Reputation: 13626
I would like to install several arbitrary APT packages using Vagrants Chef solo provisioner.
chef.json seems to allow you to execute chef commands, but I'm unclear as to how to do this. Something like:
chef.json = {
apt: {
package: {'libssl-dev': {action: 'install'}}
}
?
Upvotes: 2
Views: 652
Reputation: 74879
Chef uses recipes to define resources that are executed on nodes via a chef-client.
The json
that you are setting up for chef-solo
defines attributes which are like variables that your Chef can use to decide what to do.
So you have a hash of attributes for Chef to use, but you need a recipe that configures resources based on that hash to be executed on your node
In your case you need to configure the package
resource
package "name" do
some_attribute "value"
action :action
end
The package resource supports lots of different package back ends, including apt
so you don't need to worry about differences (except for package names).

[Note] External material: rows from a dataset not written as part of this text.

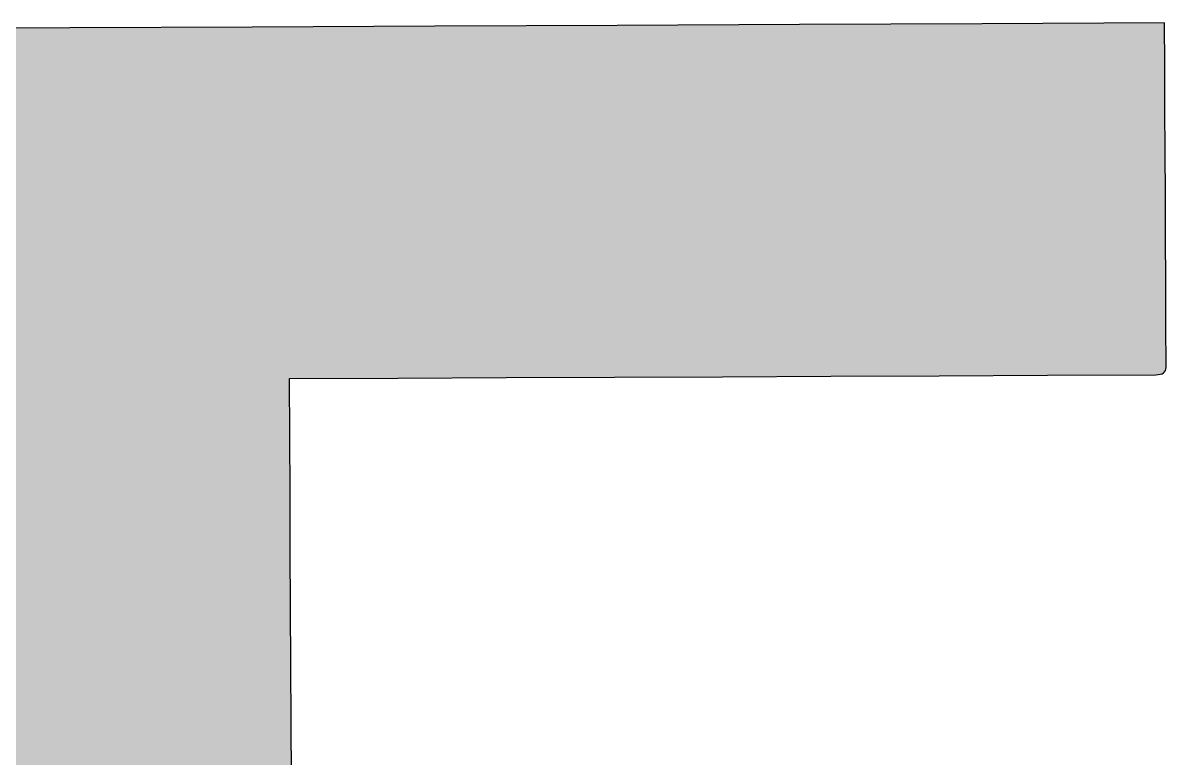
# Model space of a CAD drawing. Extents: x 4.5 to 35.8, y -15.7 to -10.4.
# Drawn here: x 11.633 to 14.469, y -12.3 to -10.477 of the extents above; entities that cross this region are included whole.
import ezdxf

# ---------------------------------------------------------------- set-up
doc = ezdxf.new("R2010")
doc.units = 0
doc.layers.add('LAYER_1', color=7, linetype='CONTINUOUS')

# ---------------------------------------------------------------- blocks, each defined once
blk = doc.blocks.new('*U4')
at = {"layer": 'LAYER_1', "color": 7}
for points in [[(11.7006, -15.7181), (11.566, -10.49), (11.7006, -10.4893)], [(11.566, -15.7187), (11.566, -10.49), (11.7006, -15.7181)], [(11.7498, -15.7178), (11.7006, -10.4893), (11.7498, -10.4891)], [(11.7006, -15.7181), (11.7006, -10.4893), (11.7498, -15.7178)], [(11.8351, -15.7175), (11.7498, -10.4891), (11.8351, -10.4887)], [(11.7498, -15.7178), (11.7498, -10.4891), (11.8351, -15.7175)], [(11.9697, -15.7168), (11.8351, -10.4887), (11.9697, -10.4881)], [(11.8351, -15.7175), (11.8351, -10.4887), (11.9697, -15.7168)], [(12.1038, -15.7162), (11.9697, -10.4881), (12.1038, -10.4875)], [(11.9697, -15.7168), (11.9697, -10.4881), (12.1038, -15.7162)], [(12.1038, -15.603), (12.1038, -10.4875), (12.1038, -15.603)], [(12.1038, -15.603), (12.1038, -10.4875), (12.1038, -10.4875)], [(12.1038, -15.603), (12.1038, -10.4875), (12.1039, -15.603)], [(12.1039, -15.603), (12.1038, -10.4875), (12.1039, -10.4875)], [(12.1039, -15.603), (12.1039, -10.4875), (12.104, -15.603)], [(12.104, -15.603), (12.1039, -10.4875), (12.104, -10.4875)], [(12.104, -15.603), (12.104, -10.4875), (12.104, -15.603)], [(12.104, -15.603), (12.104, -10.4875), (12.104, -10.4875)], [(12.104, -15.603), (12.104, -10.4875), (12.1041, -15.603)], [(12.1041, -15.603), (12.104, -10.4875), (12.1041, -10.4875)], [(12.1041, -15.603), (12.1041, -10.4875), (12.1042, -15.603)], [(12.1042, -15.603), (12.1041, -10.4875), (12.1042, -10.4875)], [(12.1042, -15.603), (12.1042, -10.4875), (12.1042, -15.603)], [(12.1042, -15.603), (12.1042, -10.4875), (12.1042, -10.4875)], [(12.1042, -15.603), (12.1042, -10.4875), (12.1043, -15.603)], [(12.1043, -15.603), (12.1042, -10.4875), (12.1043, -10.4875)], [(12.1701, -15.6027), (12.1043, -10.4875), (12.1701, -10.4872)], [(12.1043, -15.603), (12.1043, -10.4875), (12.1701, -15.6027)], [(12.1701, -14.4052), (12.1701, -10.4872), (12.1701, -14.4052)], [(12.1701, -14.4052), (12.1701, -10.4872), (12.1701, -10.4872)], [(12.1701, -14.4052), (12.1701, -10.4872), (12.1702, -14.4052)], [(12.1702, -14.4052), (12.1701, -10.4872), (12.1702, -10.4872)], [(12.1702, -14.4052), (12.1702, -10.4872), (12.1702, -14.4052)], [(12.1702, -14.4052), (12.1702, -10.4872), (12.1702, -10.4872)], [(12.1702, -14.4052), (12.1702, -10.4872), (12.1703, -14.4052)], [(12.1703, -14.4052), (12.1702, -10.4872), (12.1703, -10.4872)], [(12.1703, -14.4052), (12.1703, -10.4872), (12.1703, -14.4052)], [(12.1703, -14.4052), (12.1703, -10.4872), (12.1703, -10.4872)], [(12.1703, -14.4052), (12.1703, -10.4872), (12.1704, -14.4052)], [(12.1704, -14.4052), (12.1703, -10.4872), (12.1704, -10.4872)], [(12.1704, -14.4052), (12.1704, -10.4872), (12.1704, -14.4052)], [(12.1704, -14.4052), (12.1704, -10.4872), (12.1704, -10.4872)], [(12.1704, -14.4052), (12.1704, -10.4872), (12.1705, -14.4052)], [(12.1705, -14.4052), (12.1704, -10.4872), (12.1705, -10.4872)], [(12.2023, -14.405), (12.1705, -10.4872), (12.2023, -10.487)], [(12.1705, -14.4052), (12.1705, -10.4872), (12.2023, -14.405)], [(12.2258, -14.4049), (12.2023, -10.487), (12.2258, -10.4869)], [(12.2023, -14.405), (12.2023, -10.487), (12.2258, -14.4049)], [(12.2258, -14.4049), (12.2258, -10.4869), (12.2262, -14.4049)], [(12.2262, -14.4049), (12.2258, -10.4869), (12.2262, -10.4869)], [(12.2816, -14.4046), (12.2262, -10.4869), (12.2816, -10.4867)], [(12.2262, -14.4049), (12.2262, -10.4869), (12.2816, -14.4046)], [(12.2816, -14.4046), (12.2816, -10.4867), (12.282, -14.4046)], [(12.282, -14.4046), (12.2816, -10.4867), (12.282, -10.4867)], [(12.2946, -14.4046), (12.282, -10.4867), (12.2946, -10.4866)], [(12.282, -14.4046), (12.282, -10.4867), (12.2946, -14.4046)], [(12.2946, -11.3591), (12.2946, -10.4866), (12.2953, -11.3591)], [(12.2953, -11.3591), (12.2946, -10.4866), (12.2953, -10.4866)], [(12.2953, -11.3591), (12.2953, -10.4866), (12.2959, -11.3591)], [(12.2959, -11.3591), (12.2953, -10.4866), (12.2959, -10.4866)], [(12.2959, -11.3591), (12.2959, -10.4866), (12.2966, -11.3591)], [(12.2966, -11.3591), (12.2959, -10.4866), (12.2966, -10.4866)], [(12.2966, -11.3591), (12.2966, -10.4866), (12.2972, -11.359)], [(12.2972, -11.359), (12.2966, -10.4866), (12.2972, -10.4866)], [(12.2972, -11.359), (12.2972, -10.4866), (12.2979, -11.359)], [(12.2979, -11.359), (12.2972, -10.4866), (12.2979, -10.4866)], [(12.2979, -11.359), (12.2979, -10.4866), (12.2985, -11.359)], [(12.2985, -11.359), (12.2979, -10.4866), (12.2985, -10.4866)], [(12.2985, -11.359), (12.2985, -10.4866), (12.2992, -11.359)], [(12.2992, -11.359), (12.2985, -10.4866), (12.2992, -10.4866)], [(12.2992, -11.359), (12.2992, -10.4866), (12.2998, -11.359)], [(12.2998, -11.359), (12.2992, -10.4866), (12.2998, -10.4866)], [(12.3374, -11.3589), (12.2998, -10.4866), (12.3374, -10.4864)], [(12.2998, -11.359), (12.2998, -10.4866), (12.3374, -11.3589)], [(12.3374, -11.3589), (12.3374, -10.4864), (12.3378, -11.3589)], [(12.3378, -11.3589), (12.3374, -10.4864), (12.3378, -10.4864)], [(12.3865, -11.3586), (12.3378, -10.4864), (12.3865, -10.4862)], [(12.3378, -11.3589), (12.3378, -10.4864), (12.3865, -11.3586)], [(12.3931, -11.3586), (12.3865, -10.4862), (12.3931, -10.4861)], [(12.3865, -11.3586), (12.3865, -10.4862), (12.3931, -11.3586)], [(12.3931, -11.3586), (12.3931, -10.4861), (12.3935, -11.3586)], [(12.3935, -11.3586), (12.3931, -10.4861), (12.3935, -10.4861)], [(12.4489, -11.3584), (12.3935, -10.4861), (12.4489, -10.4859)], [(12.3935, -11.3586), (12.3935, -10.4861), (12.4489, -11.3584)], [(12.4489, -11.3584), (12.4489, -10.4859), (12.4493, -11.3584)], [(12.4493, -11.3584), (12.4489, -10.4859), (12.4493, -10.4859)], [(12.5047, -11.3581), (12.4493, -10.4859), (12.5047, -10.4856)], [(12.4493, -11.3584), (12.4493, -10.4859), (12.5047, -11.3581)], [(12.5047, -11.3581), (12.5047, -10.4856), (12.5051, -11.3581)], [(12.5051, -11.3581), (12.5047, -10.4856), (12.5051, -10.4856)], [(12.5408, -11.358), (12.5051, -10.4856), (12.5408, -10.4855)], [(12.5051, -11.3581), (12.5051, -10.4856), (12.5408, -11.358)], [(12.5604, -11.3579), (12.5408, -10.4855), (12.5604, -10.4854)], [(12.5408, -11.358), (12.5408, -10.4855), (12.5604, -11.3579)], [(12.5604, -11.3579), (12.5604, -10.4854), (12.5608, -11.3579)], [(12.5608, -11.3579), (12.5604, -10.4854), (12.5608, -10.4854)], [(12.5608, -11.3579), (12.5608, -10.4854), (12.5632, -11.3579)], [(12.5632, -11.3579), (12.5608, -10.4854), (12.5632, -10.4854)], [(12.6114, -11.3576), (12.5632, -10.4854), (12.6114, -10.4851)], [(12.5632, -11.3579), (12.5632, -10.4854), (12.6114, -11.3576)], [(12.6114, -11.3576), (12.6114, -10.4851), (12.612, -11.3576)], [(12.612, -11.3576), (12.6114, -10.4851), (12.612, -10.4851)], [(12.612, -11.3576), (12.612, -10.4851), (12.6126, -11.3576)], [(12.6126, -11.3576), (12.612, -10.4851), (12.6126, -10.4851)], [(12.6126, -11.3576), (12.6126, -10.4851), (12.6132, -11.3576)], [(12.6132, -11.3576), (12.6126, -10.4851), (12.6132, -10.4851)], [(12.6132, -11.3576), (12.6132, -10.4851), (12.6138, -11.3576)], [(12.6138, -11.3576), (12.6132, -10.4851), (12.6138, -10.4851)], [(12.6138, -11.3576), (12.6138, -10.4851), (12.6144, -11.3576)], [(12.6144, -11.3576), (12.6138, -10.4851), (12.6144, -10.4851)], [(12.6144, -11.3576), (12.6144, -10.4851), (12.615, -11.3576)], [(12.615, -11.3576), (12.6144, -10.4851), (12.615, -10.4851)], [(12.615, -11.3576), (12.615, -10.4851), (12.6156, -11.3576)], [(12.6156, -11.3576), (12.615, -10.4851), (12.6156, -10.4851)], [(12.6156, -11.3576), (12.6156, -10.4851), (12.6162, -11.3576)], [(12.6162, -11.3576), (12.6156, -10.4851), (12.6162, -10.4851)], [(12.6162, -11.3576), (12.6162, -10.4851), (12.6166, -11.3576)], [(12.6166, -11.3576), (12.6162, -10.4851), (12.6166, -10.4851)], [(12.6166, -11.3576), (12.6166, -10.4851), (12.6168, -11.3576)], [(12.6168, -11.3576), (12.6166, -10.4851), (12.6168, -10.4851)], [(12.6168, -11.3576), (12.6168, -10.4851), (12.617, -11.3576)], [(12.617, -11.3576), (12.6168, -10.4851), (12.617, -10.4851)], [(12.617, -11.3576), (12.617, -10.4851), (12.6172, -11.3576)], [(12.6172, -11.3576), (12.617, -10.4851), (12.6172, -10.4851)], [(12.6172, -11.3576), (12.6172, -10.4851), (12.6173, -11.3576)], [(12.6173, -11.3576), (12.6172, -10.4851), (12.6173, -10.4851)], [(12.6173, -11.3576), (12.6173, -10.4851), (12.6175, -11.3576)], [(12.6175, -11.3576), (12.6173, -10.4851), (12.6175, -10.4851)], [(12.6175, -11.3576), (12.6175, -10.4851), (12.6177, -11.3576)], [(12.6177, -11.3576), (12.6175, -10.4851), (12.6177, -10.4851)], [(12.6177, -11.3576), (12.6177, -10.4851), (12.6179, -11.3576)], [(12.6179, -11.3576), (12.6177, -10.4851), (12.6179, -10.4851)], [(12.6179, -11.3576), (12.6179, -10.4851), (12.6181, -11.3576)], [(12.6181, -11.3576), (12.6179, -10.4851), (12.6181, -10.4851)], [(12.6548, -11.3574), (12.6181, -10.4851), (12.6548, -10.4849)], [(12.6181, -11.3576), (12.6181, -10.4851), (12.6548, -11.3574)], [(12.6548, -11.3574), (12.6548, -10.4849), (12.6691, -11.3574)], [(12.6691, -11.3574), (12.6548, -10.4849), (12.6691, -10.4849)], [(12.7818, -11.3569), (12.6691, -10.4849), (12.7818, -10.4843)], [(12.6691, -11.3574), (12.6691, -10.4849), (12.7818, -11.3569)], [(12.8204, -11.3567), (12.7818, -10.4843), (12.8204, -10.4842)], [(12.7818, -11.3569), (12.7818, -10.4843), (12.8204, -11.3567)], [(12.8317, -11.3566), (12.8204, -10.4842), (12.8317, -10.4841)], [(12.8204, -11.3567), (12.8204, -10.4842), (12.8317, -11.3566)], [(12.8546, -11.3565), (12.8317, -10.4841), (12.8546, -10.484)], [(12.8317, -11.3566), (12.8317, -10.4841), (12.8546, -11.3565)], [(12.9518, -11.3561), (12.8546, -10.484), (12.9518, -10.4836)], [(12.8546, -11.3565), (12.8546, -10.484), (12.9518, -11.3561)], [(13.0228, -11.3558), (12.9518, -10.4836), (13.0228, -10.4832)], [(12.9518, -11.3561), (12.9518, -10.4836), (13.0228, -11.3558)], [(13.0228, -11.3558), (13.0228, -10.4832), (13.0293, -11.3557)], [(13.0293, -11.3557), (13.0228, -10.4832), (13.0293, -10.4832)], [(13.0911, -11.3555), (13.0293, -10.4832), (13.0911, -10.4829)], [(13.0293, -11.3557), (13.0293, -10.4832), (13.0911, -11.3555)], [(13.0911, -11.3555), (13.0911, -10.4829), (13.1003, -11.3554)], [(13.1003, -11.3554), (13.0911, -10.4829), (13.1003, -10.4829)], [(13.1074, -11.3554), (13.1003, -10.4829), (13.1074, -10.4828)], [(13.1003, -11.3554), (13.1003, -10.4829), (13.1074, -11.3554)], [(13.2345, -11.3548), (13.1074, -10.4828), (13.2345, -10.4823)], [(13.1074, -11.3554), (13.1074, -10.4828), (13.2345, -11.3548)], [(13.2383, -11.3548), (13.2345, -10.4823), (13.2383, -10.4822)], [(13.2345, -11.3548), (13.2345, -10.4823), (13.2383, -11.3548)], [(13.2638, -11.3547), (13.2383, -10.4822), (13.2638, -10.4821)], [(13.2383, -11.3548), (13.2383, -10.4822), (13.2638, -11.3547)], [(13.3277, -11.3544), (13.2638, -10.4821), (13.3277, -10.4818)], [(13.2638, -11.3547), (13.2638, -10.4821), (13.3277, -11.3544)], [(13.3688, -11.3542), (13.3277, -10.4818), (13.3688, -10.4816)], [(13.3277, -11.3544), (13.3277, -10.4818), (13.3688, -11.3542)], [(13.4472, -11.3538), (13.3688, -10.4816), (13.4472, -10.4813)], [(13.3688, -11.3542), (13.3688, -10.4816), (13.4472, -11.3538)], [(13.5048, -11.3536), (13.4472, -10.4813), (13.5048, -10.481)], [(13.4472, -11.3538), (13.4472, -10.4813), (13.5048, -11.3536)], [(13.5048, -11.3536), (13.5048, -10.481), (13.5172, -11.3535)], [(13.5172, -11.3535), (13.5048, -10.481), (13.5172, -10.481)], [(13.5599, -11.3533), (13.5172, -10.481), (13.5599, -10.4808)], [(13.5172, -11.3535), (13.5172, -10.481), (13.5599, -11.3533)], [(13.5642, -11.3533), (13.5599, -10.4808), (13.5642, -10.4807)], [(13.5599, -11.3533), (13.5599, -10.4808), (13.5642, -11.3533)], [(13.6374, -11.353), (13.5642, -10.4807), (13.6374, -10.4804)], [(13.5642, -11.3533), (13.5642, -10.4807), (13.6374, -11.353)], [(13.6562, -11.3529), (13.6374, -10.4804), (13.6562, -10.4803)], [(13.6374, -11.353), (13.6374, -10.4804), (13.6562, -11.3529)], [(13.7458, -11.3525), (13.6562, -10.4803), (13.7458, -10.4799)], [(13.6562, -11.3529), (13.6562, -10.4803), (13.7458, -11.3525)], [(13.7998, -11.3523), (13.7458, -10.4799), (13.7998, -10.4796)], [(13.7458, -11.3525), (13.7458, -10.4799), (13.7998, -11.3523)], [(13.7998, -11.3523), (13.7998, -10.4796), (13.8008, -11.3523)], [(13.8008, -11.3523), (13.7998, -10.4796), (13.8008, -10.4796)], [(13.8651, -11.352), (13.8008, -10.4796), (13.8651, -10.4793)], [(13.8008, -11.3523), (13.8008, -10.4796), (13.8651, -11.352)], [(13.9059, -11.3518), (13.8651, -10.4793), (13.9059, -10.4792)], [(13.8651, -11.352), (13.8651, -10.4793), (13.9059, -11.3518)], [(13.9868, -11.3514), (13.9059, -10.4792), (13.9868, -10.4788)], [(13.9059, -11.3518), (13.9059, -10.4792), (13.9868, -11.3514)], [(14.0124, -11.3513), (13.9868, -10.4788), (14.0124, -10.4787)], [(13.9868, -11.3514), (13.9868, -10.4788), (14.0124, -11.3513)], [(14.0373, -11.3512), (14.0124, -10.4787), (14.0373, -10.4786)], [(14.0124, -11.3513), (14.0124, -10.4787), (14.0373, -11.3512)], [(14.0741, -11.351), (14.0373, -10.4786), (14.0741, -10.4784)], [(14.0373, -11.3512), (14.0373, -10.4786), (14.0741, -11.351)], [(14.0825, -11.351), (14.0741, -10.4784), (14.0825, -10.4783)], [(14.0741, -11.351), (14.0741, -10.4784), (14.0825, -11.351)], [(14.1745, -11.3506), (14.0825, -10.4783), (14.1745, -10.4779)], [(14.0825, -11.351), (14.0825, -10.4783), (14.1745, -11.3506)], [(14.1944, -11.3505), (14.1745, -10.4779), (14.1944, -10.4778)], [(14.1745, -11.3506), (14.1745, -10.4779), (14.1944, -11.3505)], [(14.1944, -11.3505), (14.1944, -10.4778), (14.1946, -11.3505)], [(14.1946, -11.3505), (14.1944, -10.4778), (14.1946, -10.4778)], [(14.1946, -11.3505), (14.1946, -10.4778), (14.1951, -11.3505)], [(14.1951, -11.3505), (14.1946, -10.4778), (14.1951, -10.4778)], [(14.1951, -11.3505), (14.1951, -10.4778), (14.196, -11.3505)], [(14.196, -11.3505), (14.1951, -10.4778), (14.196, -10.4778)], [(14.196, -11.3505), (14.196, -10.4778), (14.1972, -11.3505)], [(14.1972, -11.3505), (14.196, -10.4778), (14.1972, -10.4778)], [(14.1972, -11.3505), (14.1972, -10.4778), (14.1986, -11.3504)], [(14.1986, -11.3504), (14.1972, -10.4778), (14.1986, -10.4778)], [(14.1986, -11.3504), (14.1986, -10.4778), (14.2004, -11.3504)], [(14.2004, -11.3504), (14.1986, -10.4778), (14.2004, -10.4778)], [(14.2004, -11.3504), (14.2004, -10.4778), (14.2025, -11.3504)], [(14.2025, -11.3504), (14.2004, -10.4778), (14.2025, -10.4778)], [(14.2025, -11.3504), (14.2025, -10.4778), (14.2049, -11.3504)], [(14.2049, -11.3504), (14.2025, -10.4778), (14.2049, -10.4778)], [(14.2049, -11.3504), (14.2049, -10.4778), (14.2053, -11.3504)], [(14.2053, -11.3504), (14.2049, -10.4778), (14.2053, -10.4778)], [(14.2103, -11.3504), (14.2053, -10.4778), (14.2103, -10.4777)], [(14.2053, -11.3504), (14.2053, -10.4778), (14.2103, -11.3504)], [(14.2103, -11.3504), (14.2103, -10.4777), (14.215, -11.3504)], [(14.215, -11.3504), (14.2103, -10.4777), (14.215, -10.4777)], [(14.215, -11.3504), (14.215, -10.4777), (14.2162, -11.3504)], [(14.2162, -11.3504), (14.215, -10.4777), (14.2162, -10.4777)], [(14.2162, -11.3504), (14.2162, -10.4777), (14.219, -11.3504)], [(14.219, -11.3504), (14.2162, -10.4777), (14.219, -10.4777)], [(14.219, -11.3504), (14.219, -10.4777), (14.2223, -11.3503)], [(14.2223, -11.3503), (14.219, -10.4777), (14.2223, -10.4777)], [(14.2223, -11.3503), (14.2223, -10.4777), (14.2249, -11.3503)], [(14.2249, -11.3503), (14.2223, -10.4777), (14.2249, -10.4777)], [(14.2249, -11.3503), (14.2249, -10.4777), (14.2267, -11.3503)], [(14.2267, -11.3503), (14.2249, -10.4777), (14.2267, -10.4777)], [(14.2267, -11.3503), (14.2267, -10.4777), (14.2271, -11.3503)], [(14.2271, -11.3503), (14.2267, -10.4777), (14.2271, -10.4777)], [(14.2271, -11.3503), (14.2271, -10.4777), (14.2277, -11.3503)], [(14.2277, -11.3503), (14.2271, -10.4777), (14.2277, -10.4777)], [(14.2277, -11.3503), (14.2277, -10.4777), (14.2278, -11.3503)], [(14.2278, -11.3503), (14.2277, -10.4777), (14.2278, -10.4777)], [(14.2278, -11.3503), (14.2278, -10.4777), (14.2279, -11.3503)], [(14.2279, -11.3503), (14.2278, -10.4777), (14.2279, -10.4777)], [(14.2279, -11.3503), (14.2279, -10.4777), (14.2279, -11.3503)], [(14.2279, -11.3503), (14.2279, -10.4777), (14.2279, -10.4777)], [(14.2279, -11.3503), (14.2279, -10.4777), (14.2279, -11.3503)], [(14.2279, -11.3503), (14.2279, -10.4777), (14.2279, -10.4777)], [(14.2279, -11.3503), (14.2279, -10.4777), (14.2279, -11.3503)], [(14.2279, -11.3503), (14.2279, -10.4777), (14.2279, -10.4777)], [(14.2279, -11.3503), (14.2279, -10.4777), (14.2279, -11.3503)], [(14.2279, -11.3503), (14.2279, -10.4777), (14.2279, -10.4777)], [(14.2279, -11.3503), (14.2279, -10.4777), (14.228, -11.3503)], [(14.228, -11.3503), (14.2279, -10.4777), (14.228, -10.4777)], [(14.2381, -11.3503), (14.228, -10.4777), (14.2381, -10.4776)], [(14.228, -11.3503), (14.228, -10.4777), (14.228, -11.3503)], [(14.228, -11.3503), (14.228, -10.4777), (14.228, -10.4777)], [(14.228, -11.3503), (14.228, -10.4777), (14.2381, -11.3503)], [(14.2381, -11.3503), (14.2381, -10.4776), (14.249, -11.3502)], [(14.249, -11.3502), (14.2381, -10.4776), (14.249, -10.4776)], [(14.2599, -11.3502), (14.249, -10.4776), (14.2599, -10.4775)], [(14.249, -11.3502), (14.249, -10.4776), (14.2599, -11.3502)], [(14.2599, -11.3502), (14.2599, -10.4775), (14.2708, -11.3501)], [(14.2708, -11.3501), (14.2599, -10.4775), (14.2708, -10.4775)], [(14.2738, -11.3501), (14.2708, -10.4775), (14.2738, -10.4774)], [(14.2708, -11.3501), (14.2708, -10.4775), (14.2738, -11.3501)], [(14.2738, -11.3501), (14.2738, -10.4774), (14.2817, -11.3501)], [(14.2817, -11.3501), (14.2738, -10.4774), (14.2817, -10.4774)], [(14.2817, -11.3501), (14.2817, -10.4774), (14.2819, -11.3501)], [(14.2819, -11.3501), (14.2817, -10.4774), (14.2819, -10.4774)], [(14.2819, -11.3501), (14.2819, -10.4774), (14.282, -11.3501)], [(14.282, -11.3501), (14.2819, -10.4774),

To install the packages from your hash you can create a recipe like:
node[:apt][:package].each do |pkg,pkg_data|
package pkg do
action pkg_data[:action].to_sym
end
end
Individual recipes are then packaged up into cookbooks which is a logical grouping of like recipes. Generally a cookbook would be for a piece of software, say httpd
or mysql
.
As Tensibia mentions, read through the Vagrant Chef-Solo docco for where to put your recipe/cookbook and run from there.
Upvotes: 3
Reputation: 15784
chef.json does not execute or define commands. It defines attributes for the node which can be used by recipes.
I would recomand reading THIS and THIS
Some of the json content is generated by vagrant like defining the runlist attribute with the chef.add_recipe keyword in the vagrantfile.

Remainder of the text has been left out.